A self-confessed mediocre student in grade school, he had the good fortune in eighth grade to have as his teacher Sister Ernestine who “changed the course of his life” by asking what he wanted to become in life. He responded quickly, “An Army Air Corps Pilot!” The good sister pointed out that to achieve his dream he would have to work hard and get good grades, and he did.
Dusty graduated from Olyphant High School in 1941. Before the attack on Pearl Harbor, he even wanted to go to Canada to become a pilot and join the fight right away. Instead, after the attack he was accepted in the Army Air Corps Cadets Program and, after a three-day train ride from Wilkes-Barre, PA to San Antonio, TX, began his decades-long career as a military officer.

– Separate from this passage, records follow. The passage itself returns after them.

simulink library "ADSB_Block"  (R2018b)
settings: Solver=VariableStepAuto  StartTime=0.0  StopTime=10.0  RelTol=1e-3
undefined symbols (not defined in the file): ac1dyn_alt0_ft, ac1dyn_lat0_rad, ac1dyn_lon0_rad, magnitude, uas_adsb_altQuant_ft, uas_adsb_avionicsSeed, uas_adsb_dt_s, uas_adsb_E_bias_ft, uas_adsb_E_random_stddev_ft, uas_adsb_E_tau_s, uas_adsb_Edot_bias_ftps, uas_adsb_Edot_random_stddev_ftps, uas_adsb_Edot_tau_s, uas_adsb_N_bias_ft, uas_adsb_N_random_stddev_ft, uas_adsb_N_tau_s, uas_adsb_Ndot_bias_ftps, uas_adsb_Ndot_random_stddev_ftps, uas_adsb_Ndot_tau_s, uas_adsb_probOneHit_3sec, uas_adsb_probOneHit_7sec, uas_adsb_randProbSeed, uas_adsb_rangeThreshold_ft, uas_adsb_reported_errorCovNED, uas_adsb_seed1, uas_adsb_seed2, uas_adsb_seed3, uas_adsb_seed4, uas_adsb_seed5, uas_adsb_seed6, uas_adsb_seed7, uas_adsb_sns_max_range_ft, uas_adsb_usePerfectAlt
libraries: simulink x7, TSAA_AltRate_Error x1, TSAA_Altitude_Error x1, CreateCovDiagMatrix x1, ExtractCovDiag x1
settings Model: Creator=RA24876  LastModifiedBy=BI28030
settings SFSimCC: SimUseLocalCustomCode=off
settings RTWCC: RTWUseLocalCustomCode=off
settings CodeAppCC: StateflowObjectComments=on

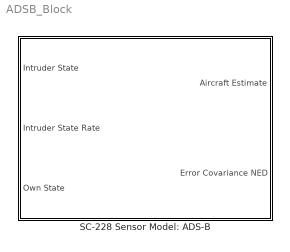
== system ADSB_Block ==
  SC-228 Sensor Model: ADS-B : Subsystem  mask(Tracked Surveillance: ADS-B){var_prefix=int_, dt_s=uas_adsb_dt_s, lat0_rad=ac1dyn_lat0_rad, lon0_rad=ac1dyn_lon0_rad, alt0_ft=ac1dyn_alt0_ft, avionicsSeed=uas_adsb_avionicsSeed, N_random_stddev_ft=uas_adsb_N_random_stddev_ft, N_bias_ft=uas_adsb_N_bias_ft, N_tau_s=uas_adsb_N_tau_s, seed1=uas_adsb_seed1, E_random_stddev_ft=uas_adsb_E_random_stddev_ft, E_bias_ft=uas_adsb_E_bias_ft, E_tau_s=uas_adsb_E_tau_s, seed2=uas_adsb_seed2, Ndot_random_stddev_ftps=uas_adsb_Ndot_random_stddev_ftps, Ndot_bias_ftps=uas_adsb_Ndot_bias_ftps, Ndot_tau_s=uas_adsb_Ndot_tau_s, seed5=uas_adsb_seed5, Edot_random_stddev_ftps=uas_adsb_Edot_random_stddev_ftps, Edot_bias_ftps=uas_adsb_Edot_bias_ftps, Edot_tau_s=uas_adsb_Edot_tau_s, seed6=uas_adsb_seed6, covNED=uas_adsb_reported_errorCovNED, perfect=uas_adsb_usePerfectAlt, seed3=uas_adsb_seed3, seed4=uas_adsb_seed4, altQuant_ft=uas_adsb_altQuant_ft, seed7=uas_adsb_seed7, sns_max_range_ft=uas_adsb_sns_max_range_ft, probOneHit_3sec=uas_adsb_probOneHit_3sec, probOneHit_7sec=uas_adsb_probOneHit_7sec, randProbSeed=uas_adsb_randProbSeed, rangeThreshold_ft=uas_adsb_rangeThreshold_ft}
      mask prompts: var_prefix "Variable Prefix"; dt_s "Timestep"; lat0_rad "ENU Origin Latitude"; lon0_rad "ENU Origin Longitude"; alt0_ft "ENU Origin Altitude"; avionicsSeed "Avionics Delay Seed"; N_random_stddev_ft "North Position Random Error Standard Deviation (ft)"; N_bias_ft "North Position Bias (ft)"; N_tau_s "Correlation Time (s)"; seed1 "Random Seed"; E_random_stddev_ft "East Position Random Error Standard Deviation (ft)"; E_bias_ft "East Position Bias (ft)"; E_tau_s "Correlation Time (s)"; seed2 "Random Seed"; Ndot_random_stddev_ftps "North Velocity Random Error Standard Deviation (ft/s)"; Ndot_bias_ftps "North Velocity Bias (ft/s)"; Ndot_tau_s "Correlation Time (s)"; seed5 "Random Seed"; Edot_random_stddev_ftps "East Velocity Random Error Standard Deviation (ft/s)"; Edot_bias_ftps "East Velocity Bias (ft/s)"; Edot_tau_s "Correlation Time (s)"; seed6 "Random Seed"; covNED "Error Covariance"; perfect "Use Perfect Altimetry"; seed3 "Lambda Random Seed"; seed4 "Random Seed"; altQuant_ft "Altitude Quantization (ft)"; seed7 "Lambda Random Seed"; sns_max_range_ft "Max Detection Range"; probOneHit_3sec "Single Hit Probability (95% detection in 3 sec)"; probOneHit_7sec "Single Hit Probability (95% detection in 7 sec)"; randProbSeed "Random Seed"; rangeThreshold_ft "Range at which detection probabilities change"
      mask help: Additive noise model of ADS-B
      mask init:
      | set_param( [ gcb '/To Workspace' ], 'VariableName', [ var_prefix 'uncompDelay' ] )
      mask Help:
      | Additive noise model of ADS-B. Independent noise is added to each
      | position and velocity component in a North-East-Down coordinate system.
      | Noise is colored using weights determined by time constant parameters.
      | 
      | Output takes the form of a AircraftEstimate data bus and a 6x6 error covariance
      | matrix in North-East-Down.
      mask DialogControl ParameterTabVar0 Prompt: General
      mask DialogControl ParameterTabVar01 Prompt: Position (N)
      mask DialogControl ParameterTabVar012 Prompt: Position (E)
      mask DialogControl ParameterTabVar01234 Prompt: Velocity (N)
      mask DialogControl ParameterTabVar012345 Prompt: Velocity (E)
      mask DialogControl ParameterTabVar01234567 Prompt: Covariance
      mask DialogControl ParameterTabVar012345678 Prompt: Altitude
      mask DialogControl ParameterTabVar0123456789 Prompt: Vertical Rate
      mask DialogControl ParameterTabVar012345678910 Prompt: Detection

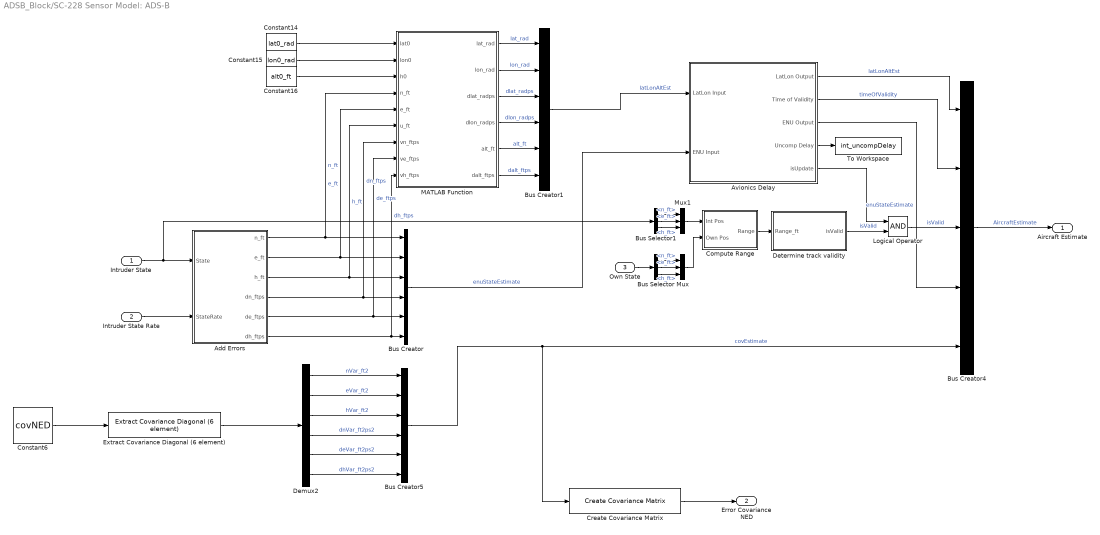
== system ADSB_Block/SC-228 Sensor Model: ADS-B ==
  Intruder State : Inport  OutDataTypeStr=Bus: AircraftState
  Intruder State Rate : Inport  Port=2  OutDataTypeStr=Bus: AircraftStateRate
  Own State : Inport  Port=3  OutDataTypeStr=Bus: AircraftState
  Add Errors : Subsystem
  Avionics Delay : Subsystem  mask{dt=dt_s, seed2=avionicsSeed}
      mask prompts: dt "Sample Time (s)"; seed2 "RNG Seed"
  Bus Creator : BusCreator  Inputs=6  OutDataTypeStr=Bus: StateEstimate
  Bus Creator1 : BusCreator  Inputs=6  OutDataTypeStr=Bus: LatLonAltMeasurement
  Bus Creator4 : BusCreator  Inputs='latLonAltEst','timeOfValidity','isValid','enuStateEstimate','covEstimate'  OutDataTypeStr=Bus: AircraftEstimate  NonVirtualBus=on
  Bus Creator5 : BusCreator  Inputs=6  OutDataTypeStr=Bus: CovarianceEstimate
  Bus Selector : BusSelector  OutputSignals=n_ft,e_ft,h_ft
  Bus Selector1 : BusSelector  OutputSignals=n_ft,e_ft,h_ft
  Compute Range : Subsystem
  Constant14 : Constant  Value=lat0_rad  OutDataTypeStr=double
  Constant15 : Constant  Value=lon0_rad  OutDataTypeStr=double
  Constant16 : Constant  Value=alt0_ft  OutDataTypeStr=double
  Constant6 : Constant  Value=covNED
  Create Covariance Matrix : CreateCovDiagMatrix/Create Covariance Matrix  SystemSampleTime=-1
  Demux2 : Demux  Outputs=6
  Determine track validity : Subsystem  mask{sns_max_range_ft=sns_max_range_ft, probOneHit_3sec=probOneHit_3sec, probOneHit_7sec=probOneHit_7sec, randProbSeed=randProbSeed, rangeThreshold_ft=rangeThreshold_ft}
      mask prompts: sns_max_range_ft "Max Detection Range (ft)"; probOneHit_3sec "Probability of a Single Hit (95% Detection in 3 sec)"; probOneHit_7sec "Probability of a Single Hit (95% Detection in 7 sec)"; randProbSeed "Random Seed"; rangeThreshold_ft "Range Where Detection Probabilites Change"
  Extract Covariance Diagonal (6 element) : ExtractCovDiag/Extract Covariance Diagonal (6 element)  SystemSampleTime=-1
  Logical Operator : Logic  AllPortsSameDT=off  OutDataTypeStr=boolean
  MATLAB Function : MATLAB Function  TreatAsAtomicUnit=on
  Mux : Mux  Inputs=3
  Mux1 : Mux  Inputs=3
  To Workspace : ToWorkspace  VariableName=int_uncompDelay  SaveFormat=Timeseries  SampleTime=-1
  Aircraft Estimate : Outport  OutDataTypeStr=Bus: AircraftEstimate
  Error Covariance NED : Outport  Port=2
  wires:
  Avionics Delay/5(isUpdate) -> Logical Operator/1
  Logical Operator/1 -> Bus Creator4/3  "isValid"
  Mux1/1 -> Compute Range/1(Int Pos)
  Bus Selector1/3 -> Mux1/3  "<h_ft>"
  Bus Selector1/2 -> Mux1/2  "<e_ft>"
  Bus Selector1/1 -> Mux1/1  "<n_ft>"
  Intruder State/1 -> Add Errors/1(State), Bus Selector1/1
  Mux/1 -> Compute Range/2(Own Pos)
  Bus Selector/3 -> Mux/3  "<h_ft>"
  Bus Selector/2 -> Mux/2  "<e_ft>"
  Bus Selector/1 -> Mux/1  "<n_ft>"
  Own State/1 -> Bus Selector/1
  Bus Creator4/1 -> Aircraft Estimate/1  "AircraftEstimate"
  Bus Creator5/1 -> Create Covariance Matrix/1, Bus Creator4/5  "covEstimate"
  MATLAB Function/6(dalt_ftps) -> Bus Creator1/6  "dalt_ftps"
  MATLAB Function/5(alt_ft) -> Bus Creator1/5  "alt_ft"
  MATLAB Function/4(dlon_radps) -> Bus Creator1/4  "dlon_radps"
  MATLAB Function/3(dlat_radps) -> Bus Creator1/3  "dlat_radps"
  MATLAB Function/2(lon_rad) -> Bus Creator1/2  "lon_rad"
  MATLAB Function/1(lat_rad) -> Bus Creator1/1  "lat_rad"
  Bus Creator1/1 -> Avionics Delay/1(LatLon Input)  "latLonAltEst"
  Constant14/1 -> MATLAB Function/1(lat0)
  Constant16/1 -> MATLAB Function/3(h0)
  Constant15/1 -> MATLAB Function/2(lon0)
  Bus Creator/1 -> Avionics Delay/2(ENU Input)  "enuStateEstimate"
  Add Errors/1(n_ft) -> MATLAB Function/4(n_ft), Bus Creator/1  "n_ft"
  Add Errors/2(e_ft) -> MATLAB Function/5(e_ft), Bus Creator/2  "e_ft"
  Add Errors/3(h_ft) -> MATLAB Function/6(u_ft), Bus Creator/3  "h_ft"
  Add Errors/6(dh_ftps) -> MATLAB Function/9(vh_ftps), Bus Creator/6  "dh_ftps"
  Add Errors/4(dn_ftps) -> MATLAB Function/7(vn_ftps), Bus Creator/4  "dn_ftps"
  Add Errors/5(de_ftps) -> MATLAB Function/8(ve_ftps), Bus Creator/5  "de_ftps"
  Intruder State Rate/1 -> Add Errors/2(StateRate)
  Extract Covariance Diagonal (6 element)/1 -> Demux2/1
  Demux2/4 -> Bus Creator5/4  "dnVar_ft2ps2"
  Demux2/5 -> Bus Creator5/5  "deVar_ft2ps2"
  Demux2/2 -> Bus Creator5/2  "eVar_ft2"
  Demux2/1 -> Bus Creator5/1  "nVar_ft2"
  Constant6/1 -> Extract Covariance Diagonal (6 element)/1
  Compute Range/1(Range) -> Determine track validity/1(Range_ft)
  Determine track validity/1(isValid) -> Logical Operator/2  "isValid"
  Avionics Delay/3(ENU Output) -> Bus Creator4/4  "enuStateEstimate"
  Avionics Delay/2(Time of Validity) -> Bus Creator4/2  "timeOfValidity"
  Avionics Delay/4(Uncomp Delay) -> To Workspace/1
  Avionics Delay/1(LatLon Output) -> Bus Creator4/1  "latLonAltEst"
  Demux2/3 -> Bus Creator5/3  "hVar_ft2"
  Demux2/6 -> Bus Creator5/6  "dhVar_ft2ps2"
  Create Covariance Matrix/1 -> Error Covariance NED/1

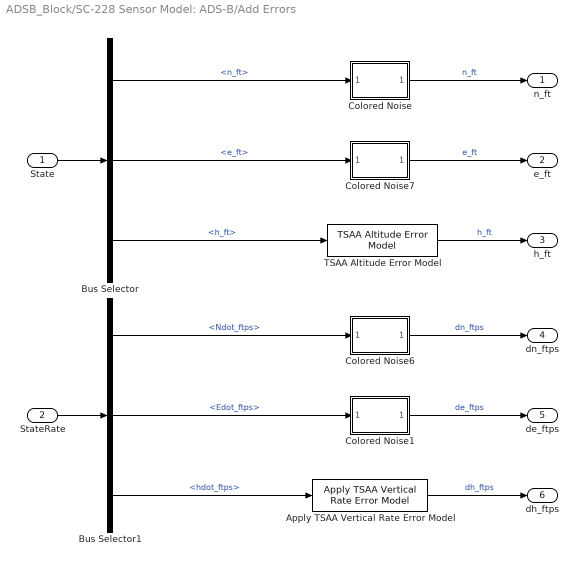
== system ADSB_Block/SC-228 Sensor Model: ADS-B/Add Errors ==
  State : Inport  OutDataTypeStr=Bus: AircraftState
  StateRate : Inport  Port=2  OutDataTypeStr=Bus: AircraftStateRate
  Apply TSAA Vertical Rate Error Model : TSAA_AltRate_Error/Apply TSAA Vertical Rate Error Model  perfect=perfect  seed=seed6  dt_s=dt_s
  Bus Selector : BusSelector  OutputSignals=n_ft,e_ft,h_ft
  Bus Selector1 : BusSelector  OutputSignals=Ndot_ftps,Edot_ftps,hdot_ftps
  Colored Noise : Subsystem  mask(Colored Noise){sig=N_random_stddev_ft, bias=N_bias_ft, tau=N_tau_s, dt=dt_s, seed=seed1}
      mask prompts: sig "Random error standard deviation"; bias "Bias error"; tau "Correlation time"; dt "Track update time"; seed "Random Seed"
      mask help: Generates a noisy state variable estimate using the ABSAA colored noise model. Set correlation time to zero for white noise.
      mask Help:
      | Generates a noisy state variable estimate using the AF Common ABSAA error
      | model.  Time correlation of the error is defined by an exponential decay
      | of K = exp(-tau/dt), where tau is the correlation time and dt is the time
      | between track updates.  The track error at time t is then:
      | 
      |     err(t) = K*err(t-1) + N(0,(1-K^2)*sig^2) + bias
      | 
      | where N(x,y) is a Gaussian noise process with mean x and variance y and
      | with random number generator seeded with the integer 'seed'.
      | 
      | The random noise process must be initialized with an error drawn from
      | N(0,sig^2).
      | 
      | The noise model can be used to produce white noise by setting tau to zero.
  Colored Noise1 : Subsystem  mask(Colored Noise){sig=Edot_random_stddev_ftps, bias=Edot_bias_ftps, tau=Edot_tau_s, dt=dt_s, seed=seed6}
      mask prompts: sig "Random error standard deviation"; bias "Bias error"; tau "Correlation time"; dt "Track update time"; seed "Random Seed"
      mask help: Generates a noisy state variable estimate using the ABSAA colored noise model. Set correlation time to zero for white noise.
      mask Help:
      | Generates a noisy state variable estimate using the AF Common ABSAA error
      | model.  Time correlation of the error is defined by an exponential decay
      | of K = exp(-tau/dt), where tau is the correlation time and dt is the time
      | between track updates.  The track error at time t is then:
      | 
      |     err(t) = K*err(t-1) + N(0,(1-K^2)*sig^2) + bias
      | 
      | where N(x,y) is a Gaussian noise process with mean x and variance y and
      | with random number generator seeded with the integer 'seed'.
      | 
      | The random noise process must be initialized with an error drawn from
      | N(0,sig^2).
      | 
      | The noise model can be used to produce white noise by setting tau to zero.
  Colored Noise6 : Subsystem  mask(Colored Noise){sig=Ndot_random_stddev_ftps, bias=Ndot_bias_ftps, tau=Ndot_tau_s, dt=dt_s, seed=seed5}
      mask prompts: sig "Random error standard deviation"; bias "Bias error"; tau "Correlation time"; dt "Track update time"; seed "Random Seed"
      mask help: Generates a noisy state variable estimate using the ABSAA colored noise model. Set correlation time to zero for white noise.
      mask Help:
      | Generates a noisy state variable estimate using the AF Common ABSAA error
      | model.  Time correlation of the error is defined by an exponential decay
      | of K = exp(-tau/dt), where tau is the correlation time and dt is the time
      | between track updates.  The track error at time t is then:
      | 
      |     err(t) = K*err(t-1) + N(0,(1-K^2)*sig^2) + bias
      | 
      | where N(x,y) is a Gaussian noise process with mean x and variance y and
      | with random number generator seeded with the integer 'seed'.
      | 
      | The random noise process must be initialized with an error drawn from
      | N(0,sig^2).
      | 
      | The noise model can be used to produce white noise by setting tau to zero.
  Colored Noise7 : Subsystem  mask(Colored Noise){sig=E_random_stddev_ft, bias=E_bias_ft, tau=E_tau_s, dt=dt_s, seed=seed2}
      mask prompts: sig "Random error standard deviation"; bias "Bias error"; tau "Correlation time"; dt "Track update time"; seed "Random Seed"
      mask help: Generates a noisy state variable estimate using the ABSAA colored noise model. Set correlation time to zero for white noise.
      mask Help:
      | Generates a noisy state variable estimate using the AF Common ABSAA error
      | model.  Time correlation of the error is defined by an exponential decay
      | of K = exp(-tau/dt), where tau is the correlation time and dt is the time
      | between track updates.  The track error at time t is then:
      | 
      |     err(t) = K*err(t-1) + N(0,(1-K^2)*sig^2) + bias
      | 
      | where N(x,y) is a Gaussian noise process with mean x and variance y and
      | with random number generator seeded with the integer 'seed'.
      | 
      | The random noise process must be initialized with an error drawn from
      | N(0,sig^2).
      | 
      | The noise model can be used to produce white noise by setting tau to zero.
  TSAA Altitude Error Model : TSAA_Altitude_Error/TSAA Altitude Error Model  ac_id=2  perfect=perfect  lambdaSeed=seed3  randomSeed=seed4  altQuant_ft=altQuant_ft  dt_s=dt_s
  n_ft : Outport
  e_ft : Outport  Port=2
  h_ft : Outport  Port=3
  dn_ftps : Outport  Port=4
  de_ftps : Outport  Port=5
  dh_ftps : Outport  Port=6
  wires:
  Bus Selector/3 -> TSAA Altitude Error Model/1  "<h_ft>"
  Bus Selector/1 -> Colored Noise/1(truth)  "<n_ft>"
  State/1 -> Bus Selector/1
  Colored Noise1/1(noisy) -> de_ftps/1  "de_ftps"
  Apply TSAA Vertical Rate Error Model/1 -> dh_ftps/1  "dh_ftps"
  Colored Noise6/1(noisy) -> dn_ftps/1  "dn_ftps"
  Colored Noise7/1(noisy) -> e_ft/1  "e_ft"
  Colored Noise/1(noisy) -> n_ft/1  "n_ft"
  Bus Selector/2 -> Colored Noise7/1(truth)  "<e_ft>"
  TSAA Altitude Error Model/1 -> h_ft/1  "h_ft"
  StateRate/1 -> Bus Selector1/1
  Bus Selector1/1 -> Colored Noise6/1(truth)  "<Ndot_ftps>"
  Bus Selector1/2 -> Colored Noise1/1(truth)  "<Edot_ftps>"
  Bus Selector1/3 -> Apply TSAA Vertical Rate Error Model/1  "<hdot_ftps>"

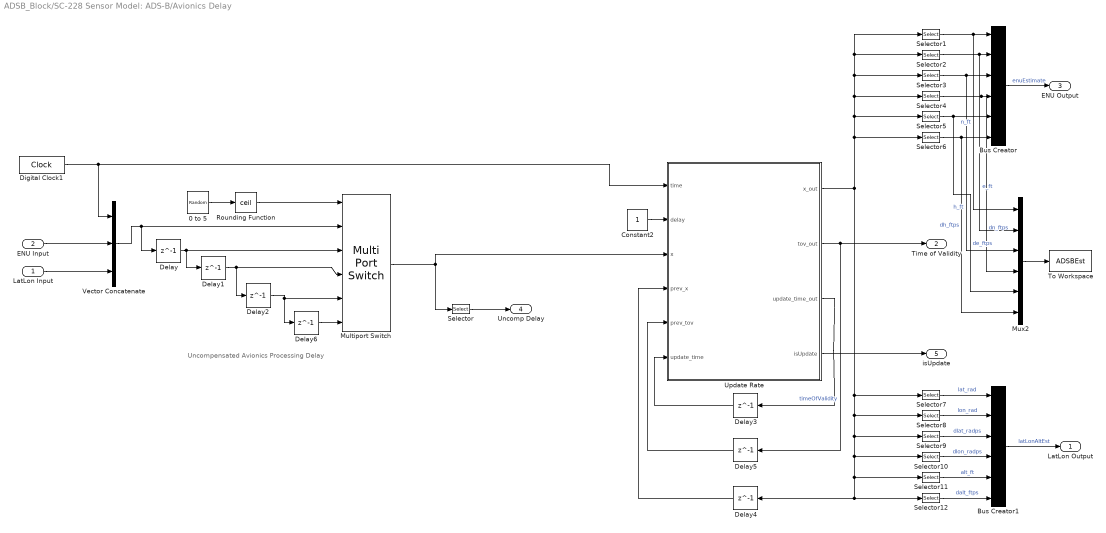
== system ADSB_Block/SC-228 Sensor Model: ADS-B/Avionics Delay ==
  note: Uncompensated Avionics Processing Delay
  LatLon Input : Inport
  ENU Input : Inport  Port=2
  0 to 5 : UniformRandomNumber  Minimum=0  Maximum=5  Seed=seed2  SampleTime=dt_s
  Bus Creator : BusCreator  Inputs=6
  Bus Creator1 : BusCreator  Inputs=6
  Constant2 : Constant
  Delay{,1..2,6} (4 alike) : Delay  DelayLength=1
  Delay3 : Delay  DelayLength=1  InitialCondition=1
  Delay4 : Delay  DelayLength=1  InitialCondition=0
  Delay5 : Delay  DelayLength=1  InitialCondition=0
  Digital Clock1 : DigitalClock  SampleTime=dt_s
  Multiport Switch : MultiPortSwitch  Inputs=5
  Mux2 : Mux  Inputs=6
  Rounding Function : Rounding  Operator=ceil
  Selector : Selector  InputPortWidth=13  IndexOptions=Index vector (dialog)  Indices=[1]  OutputSizes=1
  Selector1 : Selector  InputPortWidth=13  IndexOptions=Index vector (dialog)  Indices=[2]  OutputSizes=1
  Selector10 : Selector  InputPortWidth=13  IndexOptions=Index vector (dialog)  Indices=[11]  OutputSizes=1
  Selector11 : Selector  InputPortWidth=13  IndexOptions=Index vector (dialog)  Indices=[12]  OutputSizes=1
  Selector12 : Selector  InputPortWidth=13  IndexOptions=Index vector (dialog)  Indices=[13]  OutputSizes=1
  Selector2 : Selector  InputPortWidth=13  IndexOptions=Index vector (dialog)  Indices=[3]  OutputSizes=1
  Selector3 : Selector  InputPortWidth=13  IndexOptions=Index vector (dialog)  Indices=[4]  OutputSizes=1
  Selector4 : Selector  InputPortWidth=13  IndexOptions=Index vector (dialog)  Indices=[5]  OutputSizes=1
  Selector5 : Selector  InputPortWidth=13  IndexOptions=Index vector (dialog)  Indices=[6]  OutputSizes=1
  Selector6 : Selector  InputPortWidth=13  IndexOptions=Index vector (dialog)  Indices=[7]  OutputSizes=1
  Selector7 : Selector  InputPortWidth=13  IndexOptions=Index vector (dialog)  Indices=[8]  OutputSizes=1
  Selector8 : Selector  InputPortWidth=13  IndexOptions=Index vector (dialog)  Indices=[9]  OutputSizes=1
  Selector9 : Selector  InputPortWidth=13  IndexOptions=Index vector (dialog)  Indices=[10]  OutputSizes=1
  To Workspace : ToWorkspace  VariableName=ADSBEst  SampleTime=-1
  Update Rate : MATLAB Function  TreatAsAtomicUnit=on
  Vector Concatenate : Concatenate  NumInputs=3
  LatLon Output : Outport
  Time of Validity : Outport  Port=2
  ENU Output : Outport  Port=3
  Uncomp Delay : Outport  Port=4
  isUpdate : Outport  Port=5
  wires:
  Update Rate/4(isUpdate) -> isUpdate/1
  Constant2/1 -> Update Rate/2(delay)
  Selector1/1 -> Mux2/1, Bus Creator/1  "n_ft"
  Vector Concatenate/1 -> Delay/1, Multiport Switch/2
  Selector/1 -> Uncomp Delay/1
  ENU Input/1 -> Vector Concatenate/2
  Multiport Switch/1 -> Update Rate/3(x), Selector/1
  Delay5/1 -> Update Rate/5(prev_tov)
  Update Rate/2(tov_out) -> Time of Validity/1, Delay5/1  "timeOfValidity"
  Delay3/1 -> Update Rate/6(update_time)
  Delay4/1 -> Update Rate/4(prev_x)
  Update Rate/3(update_time_out) -> Delay3/1
  Digital Clock1/1 -> Update Rate/1(time), Vector Concatenate/1
  Rounding Function/1 -> Multiport Switch/1
  0 to 5/1 -> Rounding Function/1
  Delay/1 -> Multiport Switch/3, Delay1/1
  Delay1/1 -> Multiport Switch/4, Delay2/1
  Delay2/1 -> Multiport Switch/5, Delay6/1
  Selector2/1 -> Mux2/2, Bus Creator/2  "e_ft"
  Selector3/1 -> Mux2/3, Bus Creator/3  "h_ft"
  Selector4/1 -> Mux2/4, Bus Creator/4  "dn_ftps"
  Selector5/1 -> Mux2/5, Bus Creator/5  "de_ftps"
  Selector6/1 -> Mux2/6, Bus Creator/6  "dh_ftps"
  Bus Creator/1 -> ENU Output/1  "enuEstimate"
  Delay6/1 -> Multiport Switch/6
  LatLon Input/1 -> Vector Concatenate/3
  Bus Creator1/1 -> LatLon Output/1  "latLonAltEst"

Receiving his pilot wings in November 1943 was one of the proudest days of his life. After additional training in various aircraft, he eventually made his way to a jungle airstrip named Tanuan on the island in New Guinea. From there he flew missions around the Western Pacific in his C-46 transport aircraft. They carried infantry troops, brought out the wounded, and ferried tons of supplies and ammunition to various combat locations. Enemy soldiers still in their area occasionally lobbed mortars and directed cannon fire at their aircraft. Towards the end of the war, Dusty and his crew flew cargo to the recently bombed city of Nagasaki whose survivors presented a tragic sight to see and describe.
After the war, he returned to Dunmore where he and Mary were wed in 1947 at the old St. Casimir’s Church there. Recalled to active duty in 1952, he became a Command Pilot (September 1960) and served honorably in locations including England, Georgia, Newfoundland, and Massachusetts. His last assignment was as a member of the Eighth Air Inspector General Team at Westover Air Force Base near Chicopee, MA. He and Mary then retired to their dream home in beautiful Granby, MA where they spent their days happily together.
Dusty became a very adept woodworker, making rocking chairs, high chairs, rocking horses and other objects, usually bearing the artfully painted name of the child who received them. He loved all children and retained a childlike love of holidays, especially Christmas and Halloween. Even dating from his newly-married years in Dunmore, he loved to play Santa Claus with the most beautiful live tree complete with delightful village and Lionel Train nestled below it. At Halloween he would paint cartoon characters on small pumpkins for each of his grandchildren and other lucky kids.
Throughout his life, he retained a keen interest in current affairs, reading papers and magazines voraciously and watching news shows on TV. He also loved to watch movies at home, especially musicals, comedies, and the westerns from his childhood and afterwards. Music was also a lifelong love of his, especially the Big Band tunes and performers of his youth.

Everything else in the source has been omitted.